**Information**
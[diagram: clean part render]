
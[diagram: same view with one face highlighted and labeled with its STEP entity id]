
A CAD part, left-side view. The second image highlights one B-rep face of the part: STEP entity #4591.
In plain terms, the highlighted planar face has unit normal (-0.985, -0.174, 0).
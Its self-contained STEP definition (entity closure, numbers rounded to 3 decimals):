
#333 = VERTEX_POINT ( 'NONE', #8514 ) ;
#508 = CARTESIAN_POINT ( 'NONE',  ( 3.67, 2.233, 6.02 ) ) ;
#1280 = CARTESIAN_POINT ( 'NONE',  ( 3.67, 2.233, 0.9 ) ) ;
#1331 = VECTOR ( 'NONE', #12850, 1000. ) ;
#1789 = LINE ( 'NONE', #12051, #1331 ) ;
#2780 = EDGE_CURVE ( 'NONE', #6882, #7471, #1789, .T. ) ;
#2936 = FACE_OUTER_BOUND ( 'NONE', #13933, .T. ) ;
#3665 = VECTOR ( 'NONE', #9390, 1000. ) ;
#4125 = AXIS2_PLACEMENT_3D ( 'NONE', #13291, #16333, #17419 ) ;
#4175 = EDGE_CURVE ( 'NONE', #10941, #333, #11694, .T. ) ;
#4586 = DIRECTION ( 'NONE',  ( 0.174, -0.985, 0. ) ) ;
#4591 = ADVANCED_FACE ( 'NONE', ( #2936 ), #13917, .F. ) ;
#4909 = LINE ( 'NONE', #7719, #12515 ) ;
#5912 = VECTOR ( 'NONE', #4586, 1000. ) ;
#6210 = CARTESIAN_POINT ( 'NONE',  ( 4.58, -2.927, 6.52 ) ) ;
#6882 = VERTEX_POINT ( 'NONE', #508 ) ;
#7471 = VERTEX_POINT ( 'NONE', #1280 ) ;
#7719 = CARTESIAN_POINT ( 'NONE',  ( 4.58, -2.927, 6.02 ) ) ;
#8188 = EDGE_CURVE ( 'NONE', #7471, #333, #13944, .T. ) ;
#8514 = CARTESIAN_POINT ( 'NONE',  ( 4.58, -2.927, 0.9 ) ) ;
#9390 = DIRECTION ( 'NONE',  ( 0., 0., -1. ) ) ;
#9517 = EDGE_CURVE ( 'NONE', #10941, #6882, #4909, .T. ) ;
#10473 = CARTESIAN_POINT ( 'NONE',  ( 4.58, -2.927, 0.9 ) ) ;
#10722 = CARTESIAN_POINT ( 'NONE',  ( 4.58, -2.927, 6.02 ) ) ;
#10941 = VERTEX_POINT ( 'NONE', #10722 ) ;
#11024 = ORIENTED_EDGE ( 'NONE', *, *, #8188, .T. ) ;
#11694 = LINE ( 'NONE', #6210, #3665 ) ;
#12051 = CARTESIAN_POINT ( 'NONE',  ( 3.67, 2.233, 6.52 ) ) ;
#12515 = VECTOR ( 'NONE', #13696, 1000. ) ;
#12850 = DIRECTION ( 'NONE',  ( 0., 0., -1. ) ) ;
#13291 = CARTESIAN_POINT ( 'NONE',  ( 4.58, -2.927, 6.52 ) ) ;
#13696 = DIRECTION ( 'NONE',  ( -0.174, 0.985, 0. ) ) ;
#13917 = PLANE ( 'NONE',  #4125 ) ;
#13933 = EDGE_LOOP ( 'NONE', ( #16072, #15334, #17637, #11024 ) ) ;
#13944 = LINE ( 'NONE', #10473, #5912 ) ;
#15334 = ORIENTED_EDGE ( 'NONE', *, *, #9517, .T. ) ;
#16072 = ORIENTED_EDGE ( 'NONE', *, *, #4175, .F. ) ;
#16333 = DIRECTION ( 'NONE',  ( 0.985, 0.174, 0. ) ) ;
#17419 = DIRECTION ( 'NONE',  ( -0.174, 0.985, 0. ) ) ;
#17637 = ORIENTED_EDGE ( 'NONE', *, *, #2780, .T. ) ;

**Your objective**
From the first line to the last, copy every record exactly.

**Exercise result**
[diagram: clean part render]
[diagram: same view with one face highlighted and labeled with its STEP entity id]
A CAD part, left-side view. The second image highlights one B-rep face of the part: STEP entity #4591.
In plain terms, the highlighted planar face has unit normal (-0.985, -0.174, 0).
Its self-contained STEP definition (entity closure, numbers rounded to 3 decimals):
#333 = VERTEX_POINT ( 'NONE', #8514 ) ;
#508 = CARTESIAN_POINT ( 'NONE',  ( 3.67, 2.233, 6.02 ) ) ;
#1280 = CARTESIAN_POINT ( 'NONE',  ( 3.67, 2.233, 0.9 ) ) ;
#1331 = VECTOR ( 'NONE', #12850, 1000. ) ;
#1789 = LINE ( 'NONE', #12051, #1331 ) ;
#2780 = EDGE_CURVE ( 'NONE', #6882, #7471, #1789, .T. ) ;
#2936 = FACE_OUTER_BOUND ( 'NONE', #13933, .T. ) ;
#3665 = VECTOR ( 'NONE', #9390, 1000. ) ;
#4125 = AXIS2_PLACEMENT_3D ( 'NONE', #13291, #16333, #17419 ) ;
#4175 = EDGE_CURVE ( 'NONE', #10941, #333, #11694, .T. ) ;
#4586 = DIRECTION ( 'NONE',  ( 0.174, -0.985, 0. ) ) ;
#4591 = ADVANCED_FACE ( 'NONE', ( #2936 ), #13917, .F. ) ;
#4909 = LINE ( 'NONE', #7719, #12515 ) ;
#5912 = VECTOR ( 'NONE', #4586, 1000. ) ;
#6210 = CARTESIAN_POINT ( 'NONE',  ( 4.58, -2.927, 6.52 ) ) ;
#6882 = VERTEX_POINT ( 'NONE', #508 ) ;
#7471 = VERTEX_POINT ( 'NONE', #1280 ) ;
#7719 = CARTESIAN_POINT ( 'NONE',  ( 4.58, -2.927, 6.02 ) ) ;
#8188 = EDGE_CURVE ( 'NONE', #7471, #333, #13944, .T. ) ;
#8514 = CARTESIAN_POINT ( 'NONE',  ( 4.58, -2.927, 0.9 ) ) ;
#9390 = DIRECTION ( 'NONE',  ( 0., 0., -1. ) ) ;
#9517 = EDGE_CURVE ( 'NONE', #10941, #6882, #4909, .T. ) ;
#10473 = CARTESIAN_POINT ( 'NONE',  ( 4.58, -2.927, 0.9 ) ) ;
#10722 = CARTESIAN_POINT ( 'NONE',  ( 4.58, -2.927, 6.02 ) ) ;
#10941 = VERTEX_POINT ( 'NONE', #10722 ) ;
#11024 = ORIENTED_EDGE ( 'NONE', *, *, #8188, .T. ) ;
#11694 = LINE ( 'NONE', #6210, #3665 ) ;
#12051 = CARTESIAN_POINT ( 'NONE',  ( 3.67, 2.233, 6.52 ) ) ;
#12515 = VECTOR ( 'NONE', #13696, 1000. ) ;
#12850 = DIRECTION ( 'NONE',  ( 0., 0., -1. ) ) ;
#13291 = CARTESIAN_POINT ( 'NONE',  ( 4.58, -2.927, 6.52 ) ) ;
#13696 = DIRECTION ( 'NONE',  ( -0.174, 0.985, 0. ) ) ;
#13917 = PLANE ( 'NONE',  #4125 ) ;
#13933 = EDGE_LOOP ( 'NONE', ( #16072, #15334, #17637, #11024 ) ) ;
#13944 = LINE ( 'NONE', #10473, #5912 ) ;
#15334 = ORIENTED_EDGE ( 'NONE', *, *, #9517, .T. ) ;
#16072 = ORIENTED_EDGE ( 'NONE', *, *, #4175, .F. ) ;
#16333 = DIRECTION ( 'NONE',  ( 0.985, 0.174, 0. ) ) ;
#17419 = DIRECTION ( 'NONE',  ( -0.174, 0.985, 0. ) ) ;
#17637 = ORIENTED_EDGE ( 'NONE', *, *, #2780, .T. ) ;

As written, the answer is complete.